South Africa is making a big localisation push – and has stopped using some international products: Ramaphosa

 ·24 Jun 2022

South Africa plans to rely on localisation and other tools as part of its post-Covid economic reconstruction plan, says president Cyril Ramaphosa.

Answering a recent parliamentary Q&A, Ramaphosa said localisation is one of several tools in the economic reconstruction and recovery plan to improve the dynamism of the economy, promote investment, develop new markets, transform the economy, promote equitable spatial development and contribute to the development of a capable state.

“Localisation is pivotal in stimulating growth and transformation. It is about creating an enabling environment for inclusive growth, deepening the country’s industrialisation base and creating targeted transformation measures,” he said.

“It seeks to expand the economy to include more participants and to ensure that more parts of the population, including women, young people, black South Africans and the rural poor, can contribute to and benefit from growth.”

Ramaphosa said the government has already seen some success with its recent localisation policies, including in the textile industry, where it is now a requirement for entities such as the South African National Defence Force (SANDF) to purchase all of its uniforms from local producers.

He also cited recent investments in the agricultural and manufacturing sectors, including:

  • An investment of R1.7 billion by the SA Poultry Association as part of the Poultry Master Plan.
  • A R3 billion investment by Ford Motor Company of South Africa and a R10 billion investment by Mercedes Benz to expand plants in Port Elizabeth and East London.
  • Komatsu SA has made a R300 million investment in an engine remanufacturing plant.

“While the evidence suggests that our localisation efforts are on the right path, the challenge of growth and employment is nevertheless challenging and complex,” the president said. He said further public discourse on how government tackles these issues should be encouraged and welcomed.


Trade and industry minister Ebrahim Patel has previously faced criticism in some sectors after the government announced plans to designate more products under the 100% local content category to support SMMEs in the local manufacturing sector. It has also considered blocking some imported products that are not 100% local.

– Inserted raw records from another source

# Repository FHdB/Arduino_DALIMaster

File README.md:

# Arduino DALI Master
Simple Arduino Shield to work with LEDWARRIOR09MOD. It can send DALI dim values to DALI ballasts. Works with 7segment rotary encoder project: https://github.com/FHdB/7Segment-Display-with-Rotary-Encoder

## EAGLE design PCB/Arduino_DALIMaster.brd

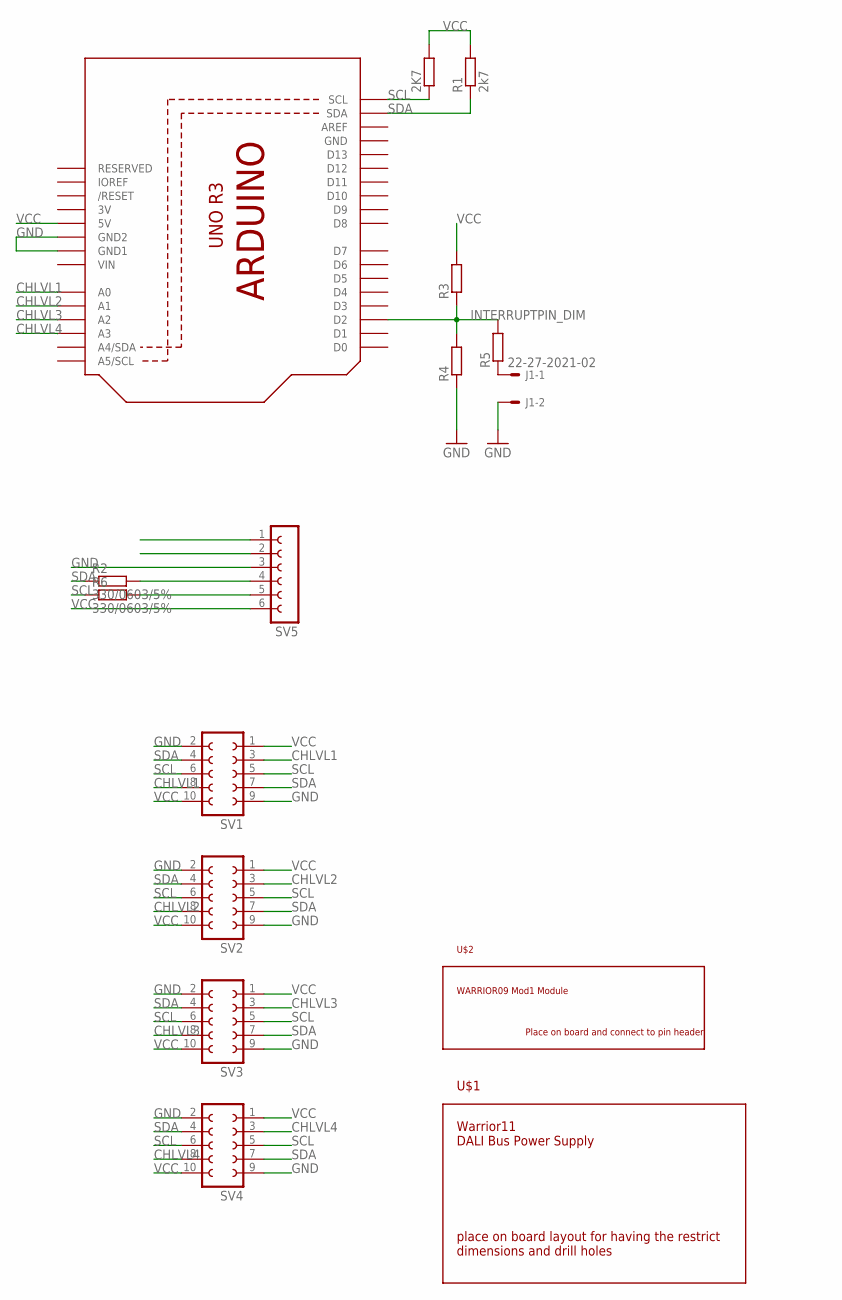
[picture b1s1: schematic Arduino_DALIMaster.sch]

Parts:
2K7: R-EU_R0603; R0603
J1: 22-27-2021-02; 6410-02
R1: 2k7; R0603
R2, R6: 330/0603/5%; R0603
R3, R4, R5: R-EU_R0603; R0603
SV1, SV2, SV3, SV4: FE05-2
SV5: FE06-1; FE06
U1: ARDUINOR3-BPLACE
U$1: WARRIOR11
U$2: WARRIOR09MOD1; WARRIOR09

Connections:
3V: U1.3V
CHLVL1: SV1.3, SV1.8, U1.A0
CHLVL2: SV2.3, SV2.8, U1.A1
CHLVL3: SV3.3, SV3.8, U1.A2
CHLVL4: SV4.3, SV4.8, U1.A3
GND: J1.2, R4.1, SV1.2, SV1.9, SV2.2, SV2.9, SV3.2, SV3.9, SV4.2, SV4.9, SV5.3, U1.GND, U1.GND1, U1.GND2
INTERRUPTPIN_DIM: R3.1, R4.2, R5.2, U1.D2
unnamed: J1.1, R5.1
unnamed: R2.2, SV5.4
unnamed: R6.2, SV5.5
SCL: 2K7.1, R6.1, SV1.5, SV1.6, SV2.5, SV2.6, SV3.5, SV3.6, SV4.5, SV4.6, U1.SCL
SDA: R1.1, R2.1, SV1.4, SV1.7, SV2.4, SV2.7, SV3.4, SV3.7, SV4.4, SV4.7, U1.SDA
VCC: 2K7.2, R1.2, R3.2, SV1.1, SV1.10, SV2.1, SV2.10, SV3.1, SV3.10, SV4.1, SV4.10, SV5.6, U1.5V
VIN: U1.VIN

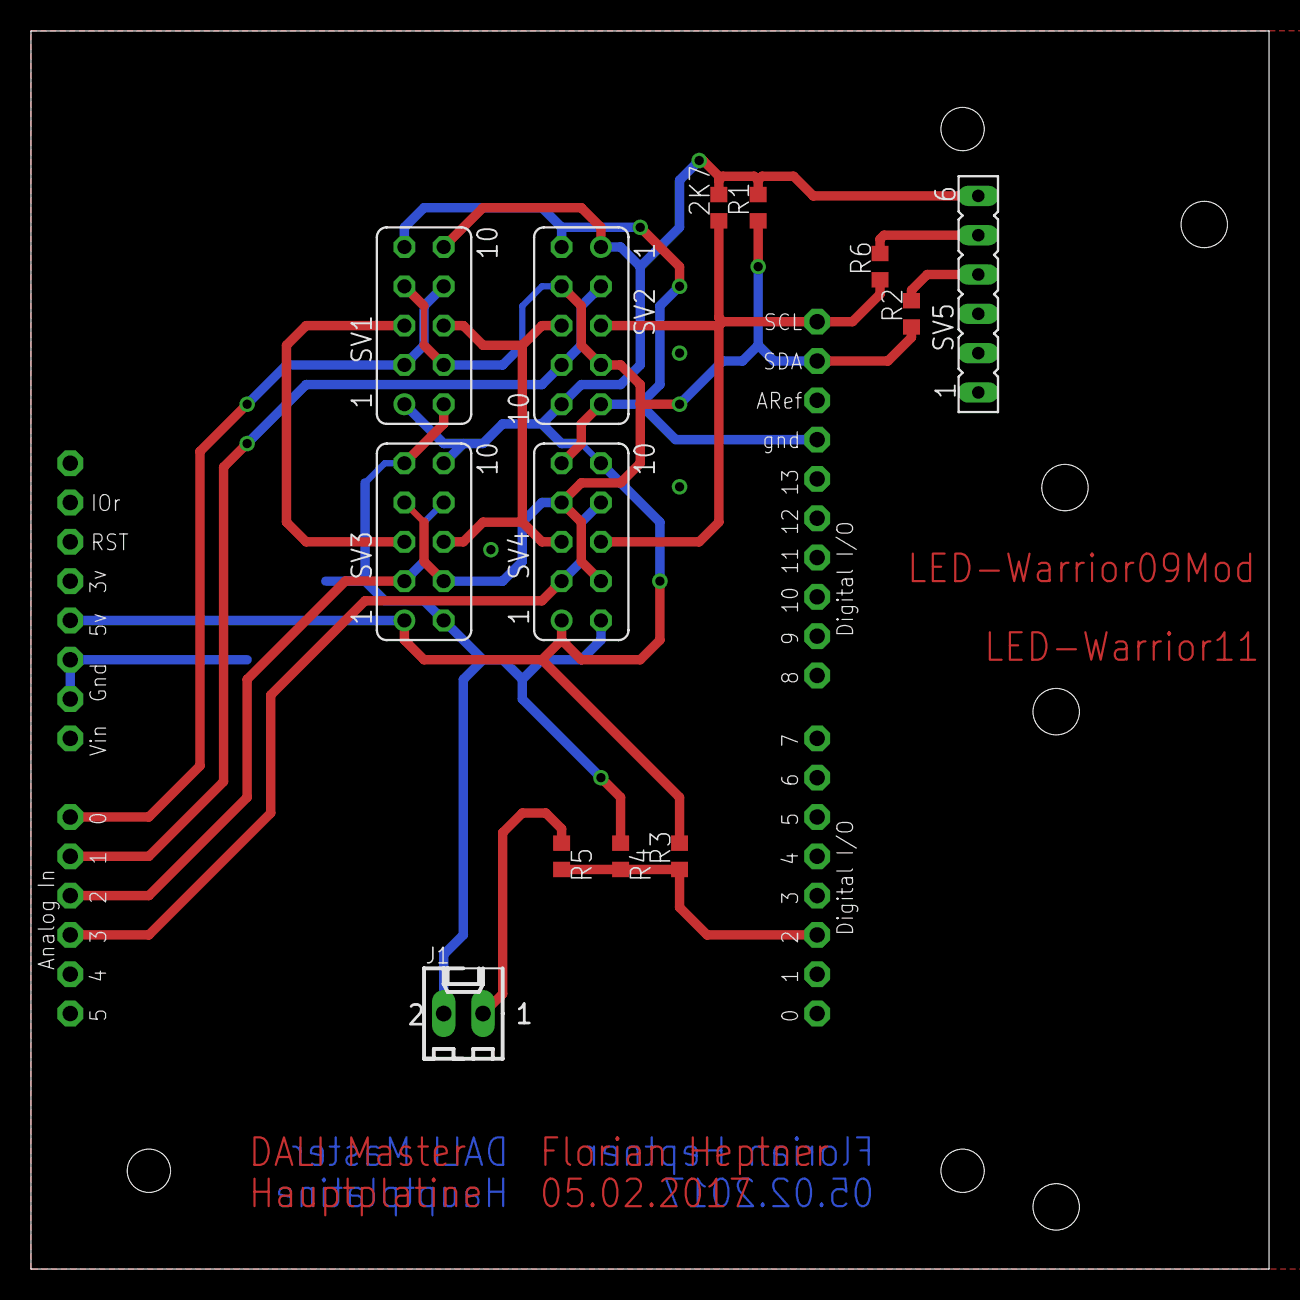
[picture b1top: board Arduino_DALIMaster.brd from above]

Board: 2 copper layers, 80.0 x 80.0 mm, 16 parts (0 on the bottom side), 12 nets.

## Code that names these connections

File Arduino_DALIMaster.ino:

// DALI Master Arduino Code
// by Florian Heptner https://github.com/FHdB

/*
This program is free software: you can redistribute it and/or modify
it under the terms of the GNU General Public License as published by
the Free Software Foundation, either version 3 of the License, or
(at your option) any later version.
This program is distributed in the hope that it will be useful,
but WITHOUT ANY WARRANTY; without even the implied warranty of
MERCHANTABILITY or FITNESS FOR A PARTICULAR PURPOSE.  See the
GNU General Public License for more details.
You should have received a copy of the GNU General Public License
along with this program.  If not, see <http://www.gnu.org/licenses/>.
Dieses Programm ist Freie Software: Sie können es unter den Bedingungen
der GNU General Public License, wie von der Free Software Foundation,
Version 3 der Lizenz oder (nach Ihrer Wahl) jeder neueren
veröffentlichten Version, weiterverbreiten und/oder modifizieren.
Dieses Programm wird in der Hoffnung, dass es nützlich sein wird, aber
OHNE JEDE GEWÄHRLEISTUNG, bereitgestellt; sogar ohne die implizite
Gewährleistung der MARKTFÄHIGKEIT oder EIGNUNG FÜR EINEN BESTIMMTEN ZWECK.
Siehe die GNU General Public License für weitere Details.
Sie sollten eine Kopie der GNU General Public License zusammen mit diesem
Programm erhalten haben. Wenn nicht, siehe <http://www.gnu.org/licenses/>.
*/
/*
DALI Master Arduino Code
Made for being used in combination with seven segment and rotary encoder module
https://github.com/FHdB/7Segment-Display-with-Rotary-Encoder/blob/master/SevSegment_RotaryEncoder/SevSegment_RotaryEncoder.ino
*/

#include <Wire.h>

#define  CHLVL1 A0
#define  CHLVL2 A1
#define  CHLVL3 A2
#define  CHLVL4 A3

uint8_t i2c_rec[6];
uint8_t dimValue[] = {0 , 0 , 0 ,0 };
uint8_t address[]  = {233 , 233 , 233 ,233 };

// Warrior defines
#define warrior_addr 0b100000

// dim button
#define INTERRUPTPIN_DIM 2
boolean button_pressed = false;

void setup()
{
  Wire.begin();        // join i2c bus (address optional for master)
  Wire.setClock(50000L);
  Serial.begin(9600);  // start serial for output
  Serial.println("Start");
  pinMode(2,INPUT);
  
  //change level pins
  pinMode(CHLVL1, INPUT);
  digitalWrite(CHLVL1 ,LOW);
  pinMode(CHLVL2, INPUT);
  digitalWrite(CHLVL2 ,LOW);
  pinMode(CHLVL3, INPUT);
  digitalWrite(CHLVL3 ,LOW);
  pinMode(CHLVL4, INPUT);
  digitalWrite(CHLVL4 ,LOW);
  
  //interrupt pin
  pinMode(INTERRUPTPIN_DIM, INPUT);
  pciSetup(INTERRUPTPIN_DIM);
}

void loop()
{
  int pin_1_state = digitalRead(A0);
  int pin_2_state = digitalRead(A1);
  int pin_3_state = digitalRead(A2);
  int pin_4_state = digitalRead(A3);
  if(pin_1_state==1u)
  {
    Serial.println("requesting");
    requestDimAndAddr(2u, 0u);
    Serial.println("finished");
  }
  
//  if(pin_2_state==1u)
//  {
//    Serial.println("requesting");
//    requestDimAndAddr(3u, 1);
//    Serial.println("finished");
//  }
//  if(pin_3_state==1u)
//  {
//    Serial.println("requesting");
//    requestDimAndAddr(4u, 2);
//    Serial.println("finished");
//  }
//  if(pin_4_state==1u)
//  {
//    Serial.println("requesting");
//    requestDimAndAddr(5u, 3);
//    Serial.println("finished");
//  }
    
  if(button_pressed)
  {
    dali_dim_dev(address[0], dimValue[0]);
//    dali_dim_dev(address[1], dimValue[1]);
//    dali_dim_dev(address[2], dimValue[2]);
//    dali_dim_dev(address[3], dimValue[3]);
    button_pressed = false;
    //pciSetup(INTERRUPTPIN_DIM);
  }
}

void requestDimAndAddr(uint8_t i2c_addr, uint8_t index)
  {
    Wire.requestFrom(i2c_addr, 6);    // request 6 bytes from slave device #2
  
    uint8_t i = 0;
    while (Wire.available())   // slave may send less than requested
    {
      uint8_t c = Wire.read(); // receive a byte as character
      i2c_rec[i] = 0;
      i2c_rec[i] = c;
      i++;
    }
    
    if(i2c_rec[0] == 'a')
    {
      address[index]  = i2c_rec[1];
    }
  
    if(i2c_rec[3] == 'd')
    {
      dimValue[index] = i2c_rec[4];
    }
    Serial.print("address: ");
    Serial.println(address[index],DEC);
    Serial.print("dimValue: ");
    Serial.println(dimValue[index],DEC);
  }
  
void setDimAndAddr(uint8_t i2c_addr, uint8_t index)
{
  uint8_t sendArray[] = {'a',0,' ','d',0,' '};
  Serial.println("Sending: ");
  sendArray[1] = (address[index]+1)&(0xFF);
  Serial.print("address: ");
  Serial.println(sendArray[1]);
  sendArray[4] = (dimValue[index]+1)&(0xFF);
  Serial.print("dimValue: ");
  Serial.println(sendArray[4]);

  Serial.println("-------");

  Wire.beginTransmission(2); // transmit to device #8
  Wire.write(sendArray,6);        // sends five bytes
  boolean ok = Wire.endTransmission();    // stop transmitting

  if(ok!=0)
  {
    Serial.print("Transmission success: ");
    Serial.println(ok);
  }
}


/*------------------------------*/

// DALI Adapter Warrior09 commands

boolean dali_dim_dev(uint8_t dali_addr, uint8_t dali_dim){
  //dali_addr is expected to be a value from 0 to 64
  //if dali_addr = 0 : broadcast
  if(dali_addr==0u)
  {
    dali_addr = 0b01111111;
  }else{
    //make sure that dali_addr is max 63
    dali_addr = dali_addr&0b00111111;
    dali_addr = dali_addr-1;
  }
  
  //dali_dim is expected to be a value from 0 to 100
  // map to 0:254
  dali_dim = map(dali_dim,0,100,0,254);  
  
    uint8_t dali_bus_status = 1;
    
    Wire.requestFrom(warrior_addr,1);
    while(Wire.available()){
      dali_bus_status = Wire.read();
      Serial.println(dali_bus_status,BIN);
      if(dali_bus_status)
         {
           Serial.println("DALI BUS not ready");   
         }
    }

    //if DALI BUS is ready (==0) send dim command to addr       
    if(!dali_bus_status){
        Serial.print("Writing DALI Addr: ");
        Serial.println(dali_addr);
        
        Wire.beginTransmission(warrior_addr); // transmit to device #4
        Wire.write(0x01);
        Wire.write((dali_addr<<1));
        Wire.write(dali_dim);
        boolean bus_ack = Wire.endTransmission();    // stop transmitting
        if(bus_ack==0){
            Serial.print("Command: ");
            Serial.println((dali_addr<<1),BIN);
            Serial.println("Succesfully sent");         
        }
    }
}



/*Inhterrupt Section*/
// enable interrupt for pin
void pciSetup(byte pin)
{
    *digitalPinToPCMSK(pin) |= bit (digitalPinToPCMSKbit(pin));  // enable pin
    PCIFR  |= bit (digitalPinToPCICRbit(pin)); // clear any outstanding interrupt
    PCICR  |= bit (digitalPinToPCICRbit(pin)); // enable interrupt for the group
}

//disable interrupt
void pciTurnOff(byte pin)
{
    *digitalPinToPCMSK(pin) = *digitalPinToPCMSK(pin) &~ (bit (digitalPinToPCMSKbit(pin)));  // disable pin
    PCIFR  |= bit (digitalPinToPCICRbit(pin)); // clear any outstanding interrupt
    PCICR  |= bit (digitalPinToPCICRbit(pin)); // enable interrupt for the group
}



// Interrupt service routine for "dim" button
ISR (PCINT2_vect) // handle pin change interrupt for 1 to 7 (I think...) here
{
  Serial.println("Pin 2 interrupt");
  //pciTurnOff(INTERRUPTPIN_DIM);
  button_pressed = true;
}

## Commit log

2016-12-05 :octocat: Added .gitattributes & .gitignore files
2016-12-05 inital commit of DALIMaster PCB
    untested, unreviewed
2017-01-29 DRC
    DRC and fixing
2017-02-04 SMT parts and rerouting
    replaced all wired passives with 0603 SMT packages, rewired some of the
    connections, reduced board size to 80x90mm
2017-02-04 updated licence files
2017-02-05 Inscriptions
    Name and positions of modules
2017-02-23 Arduino Code
    Arduino Uno code for DALI Master PCB. Works with LED-Warrior09Mod. Made
    for combining with Seven Segment rotary encoder project.

Patel said that the localisation is not just a policy of his department but has ‘resounding support’ among South Africans who recognise the need to industrialise the local economy.

“It is the policy of the administration and follows the commitment in the manifesto of the ruling party to stronger localisation as a pillar of its industrial policy. The commitment to localisation is included in the Economic Reconstruction and Recovery Plan of government,” he said.

“The approach on localisation has also been unanimously endorsed by the business, labour and community representatives at Nedlac. They represent a large number of firms and entrepreneurs, workers in different sectors of the economy and organisations made up of representatives of various community interests.”